Meu mundo desabou. Outra vez. Completamente. As palavras dele ecoaram em minha mente, uma sentença de morte para a última centelha de esperança que eu tinha. "É apenas uma joia." Para ele, era apenas um objeto. Para mim, era minha mãe.
O leiloeiro bateu o martelo. "Vendido! Para a senhora Jessica Magalhães!" Os aplausos foram um som distante. Jessica sorriu para mim, um sorriso de vitória. "Obrigada, Taisa", disse ela, com falsa doçura. "Você tornou isso muito mais divertido."
Fabrício se levantou e foi até Jessica, a abraçou e a beijou no rosto. Minha alma foi rasgada em pedaços. Eu fiquei ali, sozinha, em meio à multidão que me observava com curiosidade e pena. A vergonha e a dor me sufocavam.

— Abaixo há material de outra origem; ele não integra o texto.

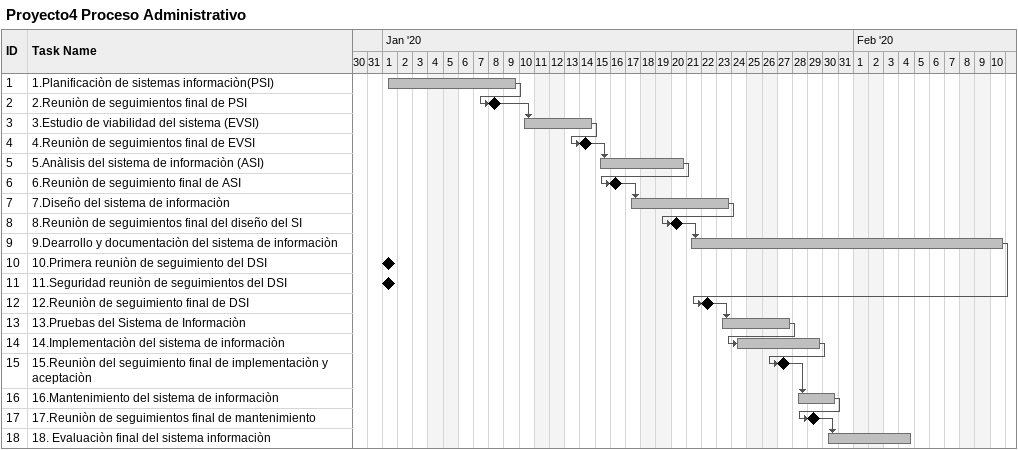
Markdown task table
Proyecto4 Proceso Administrativo

| ID | Task | Start | Finish | Predecessors |
|---|---|---|---|---|
| 1 | 1.Planificaciòn de sistemas informaciòn(PSI) | 2020-01-01 | 2020-01-09 |  |
| 2 | 2.Reuniòn de seguimientos final de PSI (milestone) | 2020-01-08 | 2020-01-08 | 1 |
| 3 | 3.Estudio de viabilidad del sistema (EVSI) | 2020-01-10 | 2020-01-14 | 2 |
| 4 | 4.Reuniòn de seguimientos final de EVSI (milestone) | 2020-01-14 | 2020-01-14 | 3 |
| 5 | 5.Anàlisis del sistema de informaciòn (ASI) | 2020-01-15 | 2020-01-20 | 4 |
| 6 | 6.Reuniòn de seguimiento final de ASI (milestone) | 2020-01-16 | 2020-01-16 | 5 |
| 7 | 7.Diseño del sistema de informaciòn | 2020-01-17 | 2020-01-23 | 6 |
| 8 | 8.Reuniòn de seguimientos final del diseño del SI (milestone) | 2020-01-20 | 2020-01-20 | 7 |
| 9 | 9.Dearrollo y documentaciòn del sistema de informaciòn | 2020-01-21 | 2020-02-10 | 8 |
| 10 | 10.Primera reuniòn de seguimiento del DSI (milestone) | 2020-01-01 | 2020-01-01 |  |
| 11 | 11.Seguridad reuniòn de seguimientos del DSI (milestone) | 2020-01-01 | 2020-01-01 |  |
| 12 | 12.Reuniòn de seguimiento final de DSI (milestone) | 2020-01-22 | 2020-01-22 | 9 |
| 13 | 13.Pruebas del Sistema de Informaciòn | 2020-01-23 | 2020-01-27 | 12 |
| 14 | 14.Implementaciòn del sistema de informaciòn | 2020-01-24 | 2020-01-29 | 13 |
| 15 | 15.Reuniòn del seguimiento final de implementaciòn y aceptaciòn (milestone) | 2020-01-27 | 2020-01-27 | 14 |
| 16 | 16.Mantenimiento del sistema de informaciòn | 2020-01-28 | 2020-01-30 | 15 |
| 17 | 17.Reuniòn de seguimientos final de mantenimiento (milestone) | 2020-01-29 | 2020-01-29 | 16 |
| 18 | 18. Evaluaciòn final del sistema informaciòn | 2020-01-30 | 2020-02-04 | 17 |

Após o leilão, eu estava sentada em um canto escuro, o corpo tremendo, a alma em carne viva. Jessica se aproximou, o colar da minha mãe em suas mãos. "Você ainda quer?", ela perguntou, com um sorriso cruel.
Eu a encarei. "Eu te dou tudo o que tenho. Todas as ações que meu pai me tirou, minhas poupanças, tudo. Apenas me dê o colar." Eu estava desesperada.
Ela gargalhou, uma risada fria e sem alma. "Não. Eu não quero seu dinheiro sujo. Eu quero ver você implorar. Eu quero ver você de joelhos."
Meu sangue gelou. Eu a odiava. Eu a odiava com cada fibra do meu ser. Mas eu precisava do colar. Eu me ajoelhei, a humilhação queimando meu rosto. "Por favor, Jessica. Por favor..."
Ela me olhou, seus olhos brilhando de triunfo. "Patético. E para que você quer uma joja tão sem graça? Ela já não é a mesma. Eu já a modifiquei. Está velha, fora de moda." Ela pegou o celular e me mostrou um vídeo.
O colar da minha mãe estava sendo desmantelado. Um ourives martelava as pérolas, quebrando-as em pedaços. Os diamantes eram arrancados, um por um. O vídeo mostrava um martelo esmagando as pérolas, a joia da minha mãe sendo reduzida a pó. O ourives, em seguida, pegou os pedaços de pérolas e os jogou no lixo, enquanto a voz de Jesssica zombava: "Sua mãe era uma mulher patética, Taisa. Assim como você. Ela não era nada. E o Fabrício? Ele também pensa assim. Ele me disse que eu sou a verdadeira relíquia. A joia."
Meu sangue congelou. Ela não apenas destruiu o colar, ela insultou minha mãe, a única pessoa que eu amei incondicionalmente. A raiva me consumiu. Uma raiva fria, incontrolável. Eu não era mais a Taisa ingênua que implorava por amor. Eu era uma fera.
Peguei uma faca que estava em uma das mesas de buffet, e com um movimento rápido e certeiro, finquei-a na mão de Jessica. Ela soltou um grito de horror, o sangue jorrando.